Insistí en que me describiera detalladamente la sensación del ver a la cual acababa de aludir. Accedió a ello tras un momento de vacilación y pasó a definir una impresión similar a aquella de cosquilleo de la que yo había sido tan consciente en el curso de mis enfrentamientos con doña Soledad y las hermanitas. Me explicó que las sensación se iniciaba en la coronilla, bajaba por la espalda y rodeaba la cintura en dirección al útero. Sentía un intenso cosquilleo interior que se convertía en el conocimiento de que yo me estaba aferrando a mi forma humana, como todos los demás, sólo que el modo como yo lo hacía resultaba incomprensible para ellos.

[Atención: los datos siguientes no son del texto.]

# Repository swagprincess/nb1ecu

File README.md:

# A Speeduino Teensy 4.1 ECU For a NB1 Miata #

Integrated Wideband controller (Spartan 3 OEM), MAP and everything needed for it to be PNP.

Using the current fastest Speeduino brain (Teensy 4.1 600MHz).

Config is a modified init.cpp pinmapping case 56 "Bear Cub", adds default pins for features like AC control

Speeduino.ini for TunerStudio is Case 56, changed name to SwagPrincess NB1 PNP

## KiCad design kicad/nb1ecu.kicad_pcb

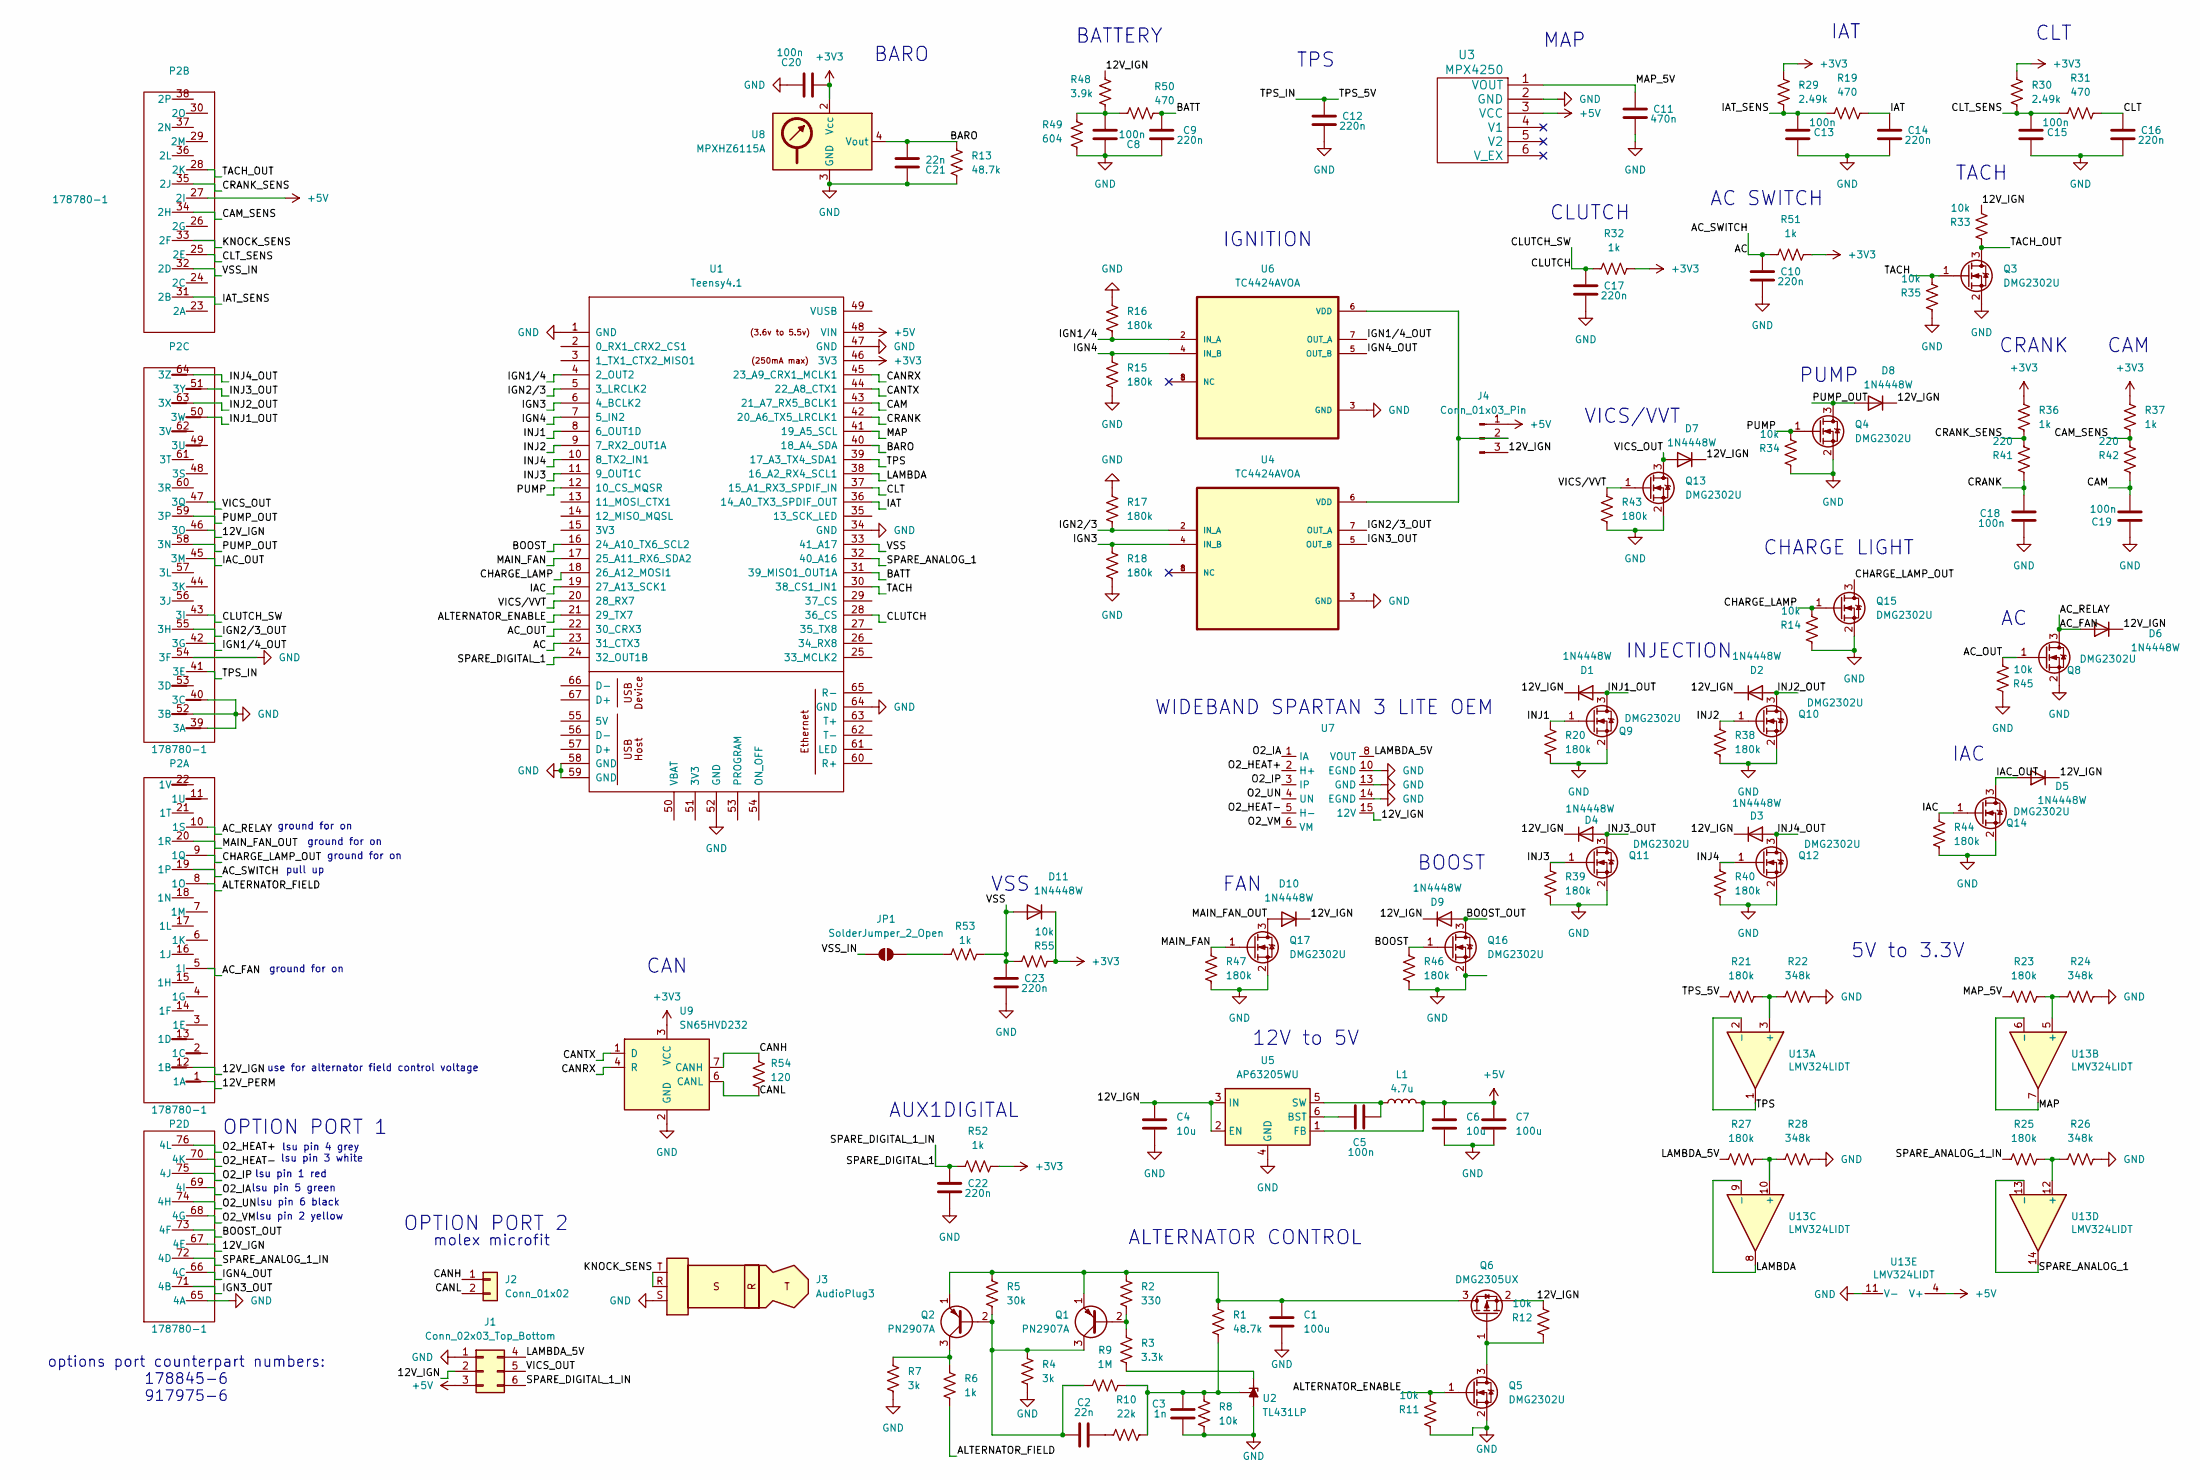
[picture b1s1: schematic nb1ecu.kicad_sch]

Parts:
C1, C7: 100u; CP_Radial_D6.3mm_P2.50mm; LCSC Part # C109392
C2, C21: 22n; C_0805_2012Metric_Pad1.18x1.45mm_HandSolder; LCSC Part # C77069
C3: 1n; C_0805_2012Metric_Pad1.18x1.45mm_HandSolder; LCSC Part # C1791
C4, C6: 10u; C_0805_2012Metric_Pad1.18x1.45mm_HandSolder; LCSC Part # C84416
C5, C8, C13, C15, C18, C19, C20: 100n; C_0805_2012Metric_Pad1.18x1.45mm_HandSolder; LCSC Part # C520083
C9, C10, C12, C14, C16, C17, C22, C23: 220n; C_0805_2012Metric_Pad1.18x1.45mm_HandSolder; LCSC Part # C541527
C11: 470n; C_0805_2012Metric_Pad1.18x1.45mm_HandSolder; LCSC Part # C520079
D1, D2, D3, D4, D5, D6, D7, D8, D9, D10, D11: 1N4448W; D_SOD-123; LCSC Part # C124191
J1: Conn_02x03_Top_Bottom; Molex_Micro-Fit_3.0_43045-0600_2x03_P3.00mm_Horizontal; LCSC Part # C127367
J2: Conn_01x02; Molex_Micro-Fit_3.0_43650-0200_1x02_P3.00mm_Horizontal; LCSC Part # C192562
J3: AudioPlug3; Jack_3.5mm_CUI_SJ1-3525N_Horizontal; LCSC Part # C381120
J4: Conn_01x03_Pin; PinSocket_1x03_P2.54mm_Vertical
JP1: SolderJumper_2_Open; SolderJumper-2_P1.3mm_Open_Pad1.0x1.5mm
L1: 4.7u; L_1008_2520Metric_Pad1.43x2.20mm_HandSolder; LCSC Part # C82314
P2: 178780-1; LCSC Part # C5166246
Q1, Q2: PN2907A; TO-92_Inline_Wide; LCSC Part # C903222
Q3, Q4, Q5, Q8, Q9, Q10, Q11, Q12, Q13, Q14, Q15, Q16, Q17: DMG2302U; SOT-23; LCSC Part # C96613
Q6: DMG2305UX; SOT-23; LCSC Part # C150470
R1, R13: 48.7k; R_0805_2012Metric_Pad1.20x1.40mm_HandSolder; LCSC Part # C865519
R2: 330; R_0805_2012Metric_Pad1.20x1.40mm_HandSolder; LCSC Part # C105878
R3: 3.3k; R_0805_2012Metric_Pad1.20x1.40mm_HandSolder; LCSC Part # C114531
R4, R7: 3k; R_0805_2012Metric_Pad1.20x1.40mm_HandSolder; LCSC Part # C126350
R5: 30k; R_0805_2012Metric_Pad1.20x1.40mm_HandSolder; LCSC Part # C126352
R6, R32, R36, R37, R51, R52, R53: 1k; R_0805_2012Metric_Pad1.20x1.40mm_HandSolder; LCSC Part # C727989
R8, R11, R12, R14, R33, R34, R35, R45, R55: 10k; R_0805_2012Metric_Pad1.20x1.40mm_HandSolder; LCSC Part # C855098
R9: 1M; R_0805_2012Metric_Pad1.20x1.40mm_HandSolder; LCSC Part # C107700
R10: 22k; R_0805_2012Metric_Pad1.20x1.40mm_HandSolder; LCSC Part # C114565
R15, R16, R17, R18, R20, R21, R23, R25, R27, R38, R39, R40, R43, R44, R46, R47: 180k; R_0805_2012Metric_Pad1.20x1.40mm_HandSolder; LCSC Part # C865232
R19, R31, R50: 470; R_0805_2012Metric_Pad1.20x1.40mm_HandSolder; LCSC Part # C114564
R22, R24, R26, R28: 348k; R_0805_2012Metric_Pad1.20x1.40mm_HandSolder; LCSC Part # C228757
R29, R30: 2.49k; R_0805_2012Metric_Pad1.20x1.40mm_HandSolder; LCSC Part # C375522
R41, R42: 220; R_0805_2012Metric_Pad1.20x1.40mm_HandSolder; LCSC Part # C114519
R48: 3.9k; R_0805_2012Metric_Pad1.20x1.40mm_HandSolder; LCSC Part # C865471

– ¿Oíste alguna voz que te lo dijera? -pregunté.

– No. Sólo vi todo lo que te he dicho acerca de ti mismo.

Deseaba preguntarle si me había visto aferrado a algo, pero desistí de hacerlo. No quería caer en mis pautas habituales de conducta. Además, sabía lo que quería decir al emplear la palabra «ver». Lo mismo que había ocurrido con Rosa y Lidia. «Supe» súbitamente dónde vivían; no había tenido una visión de la casa. Pero sentí que la conocía.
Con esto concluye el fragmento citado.